PROBLEM DESCRIPTION | Unless a line falls after the one with "layer by layer", retype it exactly from the records below; leave out all pictures.

EXTRACTED RECORDS |
--------------------
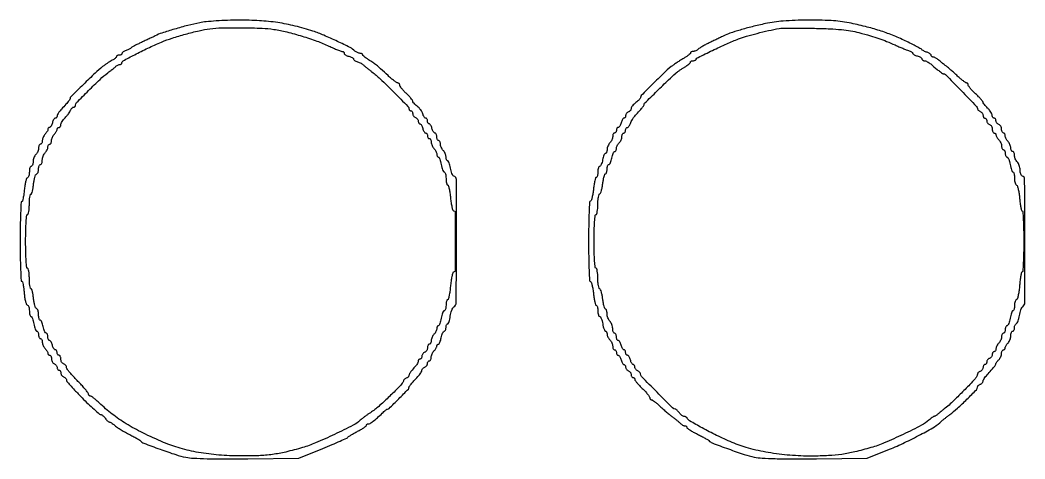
# Model space of a CAD drawing. Extents: x 8 to 208, y 14 to 271.
# Drawn here: x 8.04 to 53.94, y 17.35 to 37.39 of the extents above; entities that cross this region are included whole.
import ezdxf

# ---------------------------------------------------------------- set-up
doc = ezdxf.new("R2010")
doc.units = 0
doc.header["$MEASUREMENT"] = 0

msp = doc.modelspace()

# ---------------------------------------------------------------- linework, layer by layer
for points in [[(16.2432, 37.267405, 0.013573), (15.703588, 37.144246, 0.008758), (15.085442, 36.973799, 0.007805), (14.518562, 36.797089, 0.039358), (14.2128, 36.669088, -0.006372), (14.103263, 36.614491, -0.002041), (13.939172, 36.536121, -0.002036), (13.755759, 36.450352, -0.002275), (13.5783, 36.369225, 0.007059), (13.413188, 36.291824, 0.009696), (13.267131, 36.217288, 0.006803), (13.147711, 36.151293, 0.105697), (13.113, 36.120286, -0.096865), (13.084773, 36.09417, -0.021628), (13.02721, 36.061958, -0.021671), (12.956323, 36.029994, -0.019446), (12.88035, 36.003001, 0.035417), (12.807487, 35.974463, 0.04609), (12.745915, 35.937871, 0.053676), (12.703121, 35.899141, 0.184026), (12.69, 35.864699, -0.15811), (12.68024, 35.834606, -0.097128), (12.652723, 35.808977, -0.079016), (12.611628, 35.791672, -0.060283), (12.5631, 35.7858, 0.054008), (12.514553, 35.780541, 0.073734), (12.473477, 35.764938, 0.093425), (12.445908, 35.741879, 0.173704), (12.4362, 35.71478, -0.178675), (12.42391, 35.681486, -0.039904), (12.380285, 35.638001, -0.03662), (12.318725, 35.593039, -0.028326), (12.24585, 35.553135, 0.024552), (12.155618, 35.504608, 0.010312), (12.039025, 35.430997, 0.010174), (11.917352, 35.347018, 0.013037), (11.809066, 35.264605, 0.019842), (11.463744, 34.963992, 0.005043), (10.928287, 34.448857, 0.001162), (10.353841, 33.882317, 0.20011), (10.3212, 33.804025, -0.14469), (10.311653, 33.771727, -0.014344), (10.265285, 33.70445, -0.017136), (10.203753, 33.626209, -0.012787), (10.13085, 33.544128, 0.005672), (9.925934, 33.319923, 0.023791), (9.810933, 33.178164, 0.040004), (9.748085, 33.076576, 0.119072), (9.729, 32.997571, -0.09302), (9.722684, 32.963913, -0.096326), (9.704622, 32.9353, -0.099227), (9.677676, 32.91615, -0.105402), (9.646012, 32.9094, 0.196992), (9.610432, 32.894816, 0.05533), (9.571808, 32.847272, 0.046776), (9.536353, 32.778869, 0.034719), (9.50994, 32.6979, -0.031538), (9.484092, 32.616917, -0.043524), (9.450293, 32.548528, -0.050787), (9.414062, 32.500619, -0.208396), (9.381429, 32.4864, 0.119417), (9.352659, 32.479429, 0.100672), (9.328157, 32.459774, 0.092138), (9.311703, 32.430377, 0.081813), (9.306, 32.395757, -0.098387), (9.297348, 32.352213, -0.03396), (9.268723, 32.294464, -0.032192), (9.227663, 32.233462, -0.032161), (9.1791, 32.178214, 0.054664), (9.130516, 32.117664, 0.038656), (9.089477, 32.040664, 0.039128), (9.061432, 31.959893, 0.064082), (9.0522, 31.888157, -0.049879), (9.045956, 31.825723, -0.069864), (9.027349, 31.772927, -0.090018), (8.999898, 31.737403, -0.185417), (8.9676, 31.725, 0.196601), (8.935282, 31.711782, 0.086348), (8.907851, 31.673522, 0.06626), (8.889226, 31.616831, 0.04631), (8.883, 31.549757, -0.06043), (8.873735, 31.473377, -0.03907), (8.845723, 31.388715, -0.038951), (8.804693, 31.309028, -0.058077), (8.7561, 31.247614, 0.066186), (8.707477, 31.184079, 0.039096), (8.666477, 31.097638, 0.038434), (8.638519, 31.003228, 0.052818), (8.6292, 30.915257, -0.039287), (8.623009, 30.836584, -0.058452), (8.604349, 30.770153, -0.076865), (8.576982, 30.724913, -0.22187), (8.5446, 30.7098, 0.250638), (8.512111, 30.692422, 0.064635), (8.484851, 30.637317, 0.050076), (8.46616, 30.557571, 0.032551), (8.46, 30.46305, -0.034502), (8.453321, 30.366369, -0.044796), (8.4333, 30.279883, -0.051756), (8.404086, 30.214541, -0.18331), (8.369105, 30.186002, 0.235906), (8.331065, 30.147985, 0.019598), (8.290883, 30.0099, 0.022877), (8.255354, 29.833033, 0.015518), (8.230455, 29.629052, -0.012875), (8.206894, 29.427164, -0.020801), (8.175328, 29.257104, -0.016001), (8.1407, 29.12541, -0.331854), (8.10985, 29.1024, 0.400717), (8.080257, 29.074146, 0.001567), (8.0584, 28.568098, 0.006254), (8.042236, 27.980948, 0.003754), (8.037, 27.2835, 0.003835), (8.04235, 26.586052, 0.00639), (8.058864, 25.998902, 0.001636), (8.081206, 25.493425, 0.400386), (8.111432, 25.4646, -0.334637), (8.142484, 25.441197, -0.016975), (8.175131, 25.310707, -0.021487), (8.203864, 25.141539, -0.013267), (8.223759, 24.940708, 0.016643), (8.245564, 24.734776, 0.025639), (8.279393, 24.558911, 0.024143), (8.319451, 24.424472, 0.231819), (8.360827, 24.383758, -0.173583), (8.398939, 24.353842, -0.055292), (8.430868, 24.287928, -0.047569), (8.452697, 24.200823, -0.037639), (8.46, 24.10395, 0.028309), (8.465357, 24.009408, 0.044371), (8.481675, 23.929683, 0.055342), (8.505361, 23.873838, 0.271135), (8.533787, 23.8572, -0.277998), (8.5656, 23.838031, -0.031218), (8.601795, 23.757795, -0.030734), (8.635602, 23.648472, -0.019977), (8.661687, 23.5188, 0.022653), (8.688491, 23.389145, 0.034344), (8.724462, 23.279805, 0.037096), (8.763693, 23.20075, 0.264949), (8.7994, 23.1804, -0.192951), (8.831329, 23.167602, -0.087586), (8.858442, 23.130698, -0.067426), (8.876842, 23.075957, -0.047439), (8.883, 23.0112, 0.048028), (8.889234, 22.946446, 0.068025), (8.907851, 22.891703, 0.088204), (8.935293, 22.854815, 0.191087), (8.9676, 22.842, -0.185417), (8.999898, 22.829597, -0.090018), (9.027349, 22.794073, -0.069864), (9.045956, 22.741277, -0.049879), (9.0522, 22.678843, 0.064082), (9.061432, 22.607107, 0.039128), (9.089477, 22.526336, 0.038656), (9.130516, 22.449336, 0.054664), (9.1791, 22.388786, -0.032161), (9.227663, 22.333538, -0.032192), (9.268723, 22.272536, -0.03396), (9.297348, 22.214787, -0.098387), (9.306, 22.171243, 0.09221), (9.312436, 22.13664, 0.096076), (9.330851, 22.107226, 0.099376), (9.358322, 22.087542, 0.106313), (9.3906, 22.0806, -0.193529), (9.422912, 22.067607, -0.087393), (9.450349, 22.030118, -0.067241), (9.468969, 21.974519, -0.047258), (9.4752, 21.908745, 0.068006), (9.484675, 21.839406, 0.06271), (9.512477, 21.773068, 0.06668), (9.55357, 21.719601, 0.104363), (9.6021, 21.688194, -0.074185), (9.650612, 21.66077, -0.064359), (9.691723, 21.619184, -0.06686), (9.719533, 21.57034, -0.096313), (9.729, 21.521649, 0.070083), (9.735344, 21.476609, 0.085896), (9.753851, 21.438418, 0.100138), (9.781339, 21.412884, 0.138107), (9.8136, 21.4038, -0.151099), (9.845864, 21.393822, -0.09843), (9.873349, 21.365743, -0.081424), (9.891888, 21.323779, -0.063461), (9.8982, 21.274245, 0.088478), (9.907682, 21.221078, 0.06652), (9.935477, 21.168442, 0.065663), (9.976589, 21.124295, 0.081035), (10.0251, 21.095994, -0.052458), (10.073636, 21.071264, -0.056255), (10.114723, 21.037461, -0.063173), (10.142726, 21.000146, -0.130128), (10.152, 20.965114, 0.167915), (10.17707, 20.892569, 0.012588), (10.311982, 20.729313, 0.011758), (10.523968, 20.496829, 0.003169), (10.8711, 20.138241, 0.008485), (11.14655, 19.866661, 0.009523), (11.420839, 19.615047, 0.004317), (11.671264, 19.397774, 0.178355), (11.737422, 19.3734, -0.150502), (11.771869, 19.362791, -0.031751), (11.822136, 19.323698, -0.030589), (11.876832, 19.268974, -0.024872), (11.9286, 19.2042, 0.024955), (11.980385, 19.139426, 0.030659), (12.035133, 19.084703, 0.031847), (12.085469, 19.04562, 0.150248), (12.120014, 19.035, -0.120746), (12.156619, 19.026029, -0.023424), (12.215873, 18.99151, -0.023667), (12.282709, 18.943628, -0.019938), (12.348802, 18.88695, 0.039638), (12.441265, 18.813773, 0.009498), (12.606082, 18.707836, 0.009699), (12.80057, 18.593131, 0.009468), (13.000915, 18.4851, -0.004481), (13.192782, 18.384097, -0.006366), (13.36137, 18.290622, -0.003776), (13.501329, 18.209267, -0.088331), (13.536, 18.179449, 0.131503), (13.687128, 18.070413, 0.003866), (14.429567, 17.794549, 0.008037), (15.152196, 17.545456, 0.031511), (15.6087, 17.427493, 0.034631), (15.953427, 17.385702, 0.006759), (16.578928, 17.361992, 0.00611), (17.401161, 17.352, 0.003042), (18.4428, 17.358409), (20.7693, 17.38688), (21.865318, 17.832199, 0.003127), (22.288711, 18.00732, 0.004802), (22.652917, 18.164768, 0.001761), (22.963869, 18.304067, 0.126412), (23.007418, 18.339009, -0.089356), (23.043557, 18.372638, -0.006685), (23.158007, 18.444046, -0.009083), (23.298074, 18.525417, -0.006774), (23.45535, 18.610233, 0.011917), (23.609333, 18.695329, 0.017841), (23.739157, 18.777515, 0.01299), (23.840012, 18.850438, 0.233824), (23.8572, 18.885183, -0.127391), (23.863641, 18.910054, -0.100754), (23.881767, 18.931243, -0.089528), (23.908881, 18.945487, -0.076434), (23.940833, 18.9504, 0.140856), (24.027176, 18.975216, 0.022125), (24.174319, 19.076746, 0.020168), (24.359146, 19.228842, 0.009821), (24.583086, 19.43685, -0.010878), (24.661919, 19.509766, -0.015137), (24.735795, 19.571285, -0.011527), (24.799104, 19.618526, -0.155745), (24.826275, 19.6272, 0.19783), (24.895057, 19.655523, 0.001484), (25.336222, 20.095631, 0.001489), (25.774687, 20.538276, 0.196906), (25.803, 20.607384, -0.156645), (25.819174, 20.657743, -0.013734), (25.901226, 20.765903, -0.013748), (26.024169, 20.910698, -0.005093), (26.20485, 21.107928, 0.020461), (26.27772, 21.192551, 0.024122), (26.339285, 21.278468, 0.024019), (26.383576, 21.354848, 0.119937), (26.3952, 21.40261, -0.119892), (26.404555, 21.441064, -0.065038), (26.432477, 21.481254, -0.058966), (26.473573, 21.517003, -0.057995), (26.5221, 21.542406, 0.074185), (26.570612, 21.56983, 0.064359), (26.611723, 21.611416, 0.06686), (26.639533, 21.66026, 0.096313), (26.649, 21.708951, -0.070083), (26.655344, 21.753991, -0.085896), (26.673851, 21.792182, -0.100138), (26.701339, 21.817716, -0.138107), (26.7336, 21.8268, 0.185417), (26.765898, 21.839203, 0.090018), (26.793349, 21.874727, 0.069864), (26.811956, 21.927523, 0.049879), (26.8182, 21.989957, -0.064082), (26.827432, 22.061693, -0.039128), (26.855477, 22.142464, -0.038656), (26.896516, 22.219464, -0.054664), (26.9451, 22.280014, 0.032161), (26.993663, 22.335262, 0.032192), (27.034723, 22.396264, 0.03396), (27.063348, 22.454013, 0.098387), (27.072, 22.497557, -0.081537), (27.077683, 22.532177, -0.092014), (27.094086, 22.561574, -0.100688), (27.118509, 22.581229, -0.119805), (27.147185, 22.5882, 0.256887), (27.179719, 22.606096, 0.037322), (27.216601, 22.675179, 0.034546), (27.251172, 22.77086, 0.023055), (27.277918, 22.8843, -0.02478), (27.305076, 22.99773, -0.036741), (27.340875, 23.093421, -0.040853), (27.379491, 23.161957, -0.248969), (27.414233, 23.1804, 0.198381), (27.44509, 23.193144, 0.08573), (27.471275, 23.230103, 0.065694), (27.489059, 23.284836, 0.045771), (27.495, 23.3496, -0.041494), (27.500385, 23.414381, -0.061008), (27.516579, 23.469098, -0.08019), (27.540364, 23.506234, -0.213434), (27.568461, 23.5188, 0.287264), (27.599731, 23.538382, 0.030222), (27.634156, 23.621787, 0.030088), (27.665604, 23.735039, 0.019345), (27.688946, 23.869393, -0.026464), (27.715194, 24.008689, -0.030805), (27.755105, 24.137367, -0.032238), (27.801759, 24.239958, -0.132227), (27.848135, 24.289324, 0.258585), (27.962601, 24.493469, 0.000973), (27.970995, 27.294601, 0.000874), (27.969035, 30.107105, 0.322174), (27.854415, 30.265706, -0.173938), (27.810087, 30.300544, -0.037857), (27.764072, 30.387946, -0.035179), (27.723602, 30.502867, -0.027432), (27.695553, 30.632295, 0.020408), (27.669901, 30.759245, 0.031324), (27.636462, 30.866279, 0.032175), (27.60055, 30.944632, 0.275871), (27.568787, 30.9636, -0.218317), (27.540554, 30.976545, -0.078283), (27.516675, 31.015078, -0.059522), (27.500404, 31.071743, -0.040201), (27.495, 31.138843, 0.06043), (27.485735, 31.215223, 0.03907), (27.457723, 31.299885, 0.038951), (27.416693, 31.379572, 0.058077), (27.3681, 31.440986, -0.054664), (27.319516, 31.501536, -0.038656), (27.278477, 31.578536, -0.039128), (27.250432, 31.659307, -0.064082), (27.2412, 31.731043, 0.049879), (27.234956, 31.793477, 0.069864), (27.216349, 31.846273, 0.090018), (27.188898, 31.881797, 0.185417), (27.1566, 31.8942, -0.191087), (27.124293, 31.907015, -0.088204), (27.096851, 31.943903, -0.068025), (27.078234, 31.998646, -0.048028), (27.072, 32.0634, 0.047078), (27.065889, 32.128158, 0.067056), (27.047622, 32.182898, 0.087199), (27.020709, 32.219813, 0.194105), (26.989012, 32.2326, -0.196992), (26.953432, 32.247184, -0.05533), (26.914808, 32.294728, -0.046776), (26.879353, 32.363131, -0.034719), (26.85294, 32.4441, 0.031538), (26.827092, 32.525083, 0.043524), (26.793293, 32.593472, 0.050787), (26.757062, 32.641381, 0.208396), (26.724429, 32.6556, -0.16469), (26.695655, 32.665342, -0.095693), (26.671157, 32.692877, -0.076772), (26.654602, 32.733963, -0.057513), (26.649, 32.7825, 0.063559), (26.642807, 32.831018, 0.081496), (26.624622, 32.872123, 0.098464), (26.597661, 32.899626, 0.150892), (26.566012, 32.9094, -0.187302), (26.530694, 32.923111, -0.058996), (26.493007, 32.966753, -0.049569), (26.45888, 33.02991, -0.037628), (26.434021, 33.104644, 0.063231), (26.400454, 33.190626, 0.032907), (26.33878, 33.288068, 0.032108), (26.261225, 33.381223, 0.042078), (26.178609, 33.454894, -0.022464), (26.099582, 33.51999, -0.02821), (26.032833, 33.587406, -0.028536), (25.984742, 33.648486, -0.153671), (25.9722, 33.688331, 0.159514), (25.957618, 33.732875, 0.014688), (25.885221, 33.825755, 0.017787), (25.789514, 33.933339, 0.013013), (25.6761, 34.04602, -0.015842), (25.562708, 34.159962, -0.020742), (25.466979, 34.271376, -0.018796), (25.396058, 34.368493, -0.149388), (25.38, 34.421039, 0.09063), (25.373319, 34.457598, 0.095565), (25.354179, 34.48867, 0.099651), (25.325634, 34.509461, 0.108135), (25.292098, 34.5168, -0.150333), (25.240707, 34.532609, -0.012363), (25.125369, 34.615226, -0.015687), (24.990811, 34.723523, -0.011429), (24.847948, 34.851866, 0.002765), (24.506064, 35.169877, 0.014972), (24.314508, 35.335783, 0.023373), (24.153706, 35.45478, 0.014197), (23.953486, 35.580854, -0.017264), (23.851795, 35.645761, -0.024114), (23.765987, 35.711106, -0.022), (23.702182, 35.769723, -0.198487), (23.688, 35.80404, 0.176605), (23.678767, 35.829364, 0.092627), (23.652498, 35.850907, 0.072767), (23.613382, 35.86549, 0.052943), (23.567143, 35.8704, -0.069591), (23.512763, 35.878006, -0.037195), (23.448948, 35.901464, -0.036172), (23.386172, 35.935672, -0.046628), (23.334493, 35.97615, 0.071758), (23.112314, 36.13288, 0.007317), (22.532321, 36.417679, 0.009986), (21.915918, 36.694316, 0.020058), (21.417193, 36.883045, 0.020426), (20.602357, 37.11807, 0.02318), (19.804581, 37.274491, 0.022216), (18.967054, 37.360926, 0.01621), (18.031637, 37.38525, 0.00759), (17.517126, 37.374136, 0.007255), (16.995387, 37.347354, 0.007216), (16.535577, 37.310385, 0.025652)], [(42.0885, 37.227904, 0.007608), (41.484456, 37.086079, 0.009468), (40.927781, 36.935148, 0.009812), (40.464855, 36.790261, 0.037071), (40.185, 36.672911, -0.003617), (40.075631, 36.618188, -0.001152), (39.91201, 36.538262, -0.00115), (39.7293, 36.450051, -0.001281), (39.552673, 36.365833, 0.009079), (39.383204, 36.281761, 0.009937), (39.221986, 36.19399, 0.009447), (39.08724, 36.11371, 0.04799), (39.01788, 36.06075, -0.045687), (38.965369, 36.020272, -0.035581), (38.90189, 35.986064, -0.036607), (38.837587, 35.962595, -0.069305), (38.783057, 35.955, 0.055161), (38.736825, 35.949884, 0.074759), (38.697702, 35.934725, 0.09423), (38.671457, 35.912313, 0.17065), (38.6622, 35.885978, -0.210419), (38.646303, 35.849876, -0.018846), (38.569008, 35.784303, -0.021992), (38.466485, 35.710821, -0.015344), (38.34495, 35.636773, 0.010951), (38.205707, 35.553605, 0.00723), (38.049238, 35.452253, 0.007277), (37.899898, 35.34925, 0.013973), (37.78377, 35.261645, 0.021212), (37.430065, 34.953506, 0.006884), (36.933409, 34.469164, 0.002005), (36.416637, 33.946964, 0.196514), (36.378, 33.852454, -0.160025), (36.365567, 33.814602, -0.02603), (36.315872, 33.753992, -0.026437), (36.247484, 33.686457, -0.020537), (36.1665, 33.62027, 0.030363), (36.085553, 33.551419, 0.03444), (36.017128, 33.475938, 0.03683), (35.969046, 33.404733, 0.130814), (35.955, 33.351965, -0.102736), (35.945554, 33.306476, -0.066756), (35.917723, 33.260344, -0.063064), (35.876615, 33.220586, -0.069192), (35.8281, 33.193794, 0.074185), (35.779588, 33.16637, 0.064359), (35.738477, 33.124784, 0.06686), (35.710667, 33.07594, 0.096313), (35.7012, 33.027249, -0.062143), (35.695578, 32.982187, -0.080447), (35.679043, 32.944018, -0.097932), (35.654538, 32.918472, -0.153941), (35.625771, 32.9094, 0.208396), (35.593138, 32.895181, 0.050787), (35.556907, 32.847272, 0.043524), (35.523108, 32.778883, 0.031538), (35.49726, 32.6979, -0.034719), (35.470847, 32.616931, -0.046776), (35.435392, 32.548528, -0.05533), (35.396768, 32.500984, -0.196992), (35.361188, 32.4864, 0.150892), (35.329539, 32.476626, 0.098464), (35.302578, 32.449123, 0.081496), (35.284393, 32.408018, 0.063559), (35.2782, 32.3595, -0.064853), (35.271881, 32.310986, -0.082425), (35.253349, 32.269877, -0.098894), (35.225863, 32.242377, -0.148195), (35.1936, 32.2326, 0.185417), (35.161302, 32.220197, 0.090018), (35.133851, 32.184673, 0.069864), (35.115244, 32.131877, 0.049879), (35.109, 32.069443, -0.064082), (35.099768, 31.997707, -0.039128), (35.071723, 31.916936, -0.038656), (35.030684, 31.839936, -0.054664), (34.9821, 31.779386, 0.058077), (34.933507, 31.717972, 0.038951), (34.892477, 31.638285, 0.03907), (34.864465, 31.553623, 0.06043), (34.8552, 31.477243, -0.040987), (34.849691, 31.410146, -0.060429), (34.833114, 31.353478, -0.079456), (34.808776, 31.314988, -0.215328), (34.780015, 31.302, 0.256887), (34.747481, 31.284104, 0.037322), (34.710599, 31.215021, 0.034546), (34.676028, 31.11934, 0.023055), (34.649282, 31.0059, -0.02478), (34.622124, 30.89247, -0.036741), (34.586325, 30.796779, -0.040853), (34.547709, 30.728243, -0.248969), (34.512967, 30.7098, 0.261955), (34.481899, 30.692324, 0.059547), (34.455925, 30.635246, 0.046904), (34.438071, 30.553234, 0.030163), (34.4322, 30.456, -0.027038), (34.426937, 30.35875, -0.0426), (34.410889, 30.276754, -0.052343), (34.387633, 30.219033, -0.277617), (34.359652, 30.2022, 0.328972), (34.328606, 30.179295, 0.015623), (34.292205, 30.04688, 0.020529), (34.258309, 29.876139, 0.012735), (34.231922, 29.67345, -0.014134), (34.204699, 29.468807, -0.020998), (34.168343, 29.291737, -0.017004), (34.12853, 29.152496, -0.237725), (34.09297, 29.1165, 0.305981), (34.055363, 29.067256, 0.003168), (34.031662, 28.611923, 0.007893), (34.014523, 28.038568, 0.003525), (34.0092, 27.2835, 0.003525), (34.014523, 26.528432, 0.007893), (34.031662, 25.955077, 0.003168), (34.055363, 25.499744, 0.305981), (34.09297, 25.4505, -0.237725), (34.12853, 25.414504, -0.017004), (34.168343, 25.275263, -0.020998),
--------------------
RESULT |
# Model space of a CAD drawing. Extents: x 8 to 208, y 14 to 271.
# Drawn here: x 8.04 to 53.94, y 17.35 to 37.39 of the extents above; entities that cross this region are included whole.
import ezdxf

# ---------------------------------------------------------------- set-up
doc = ezdxf.new("R2010")
doc.units = 0
doc.header["$MEASUREMENT"] = 0

msp = doc.modelspace()

# ---------------------------------------------------------------- linework, layer by layer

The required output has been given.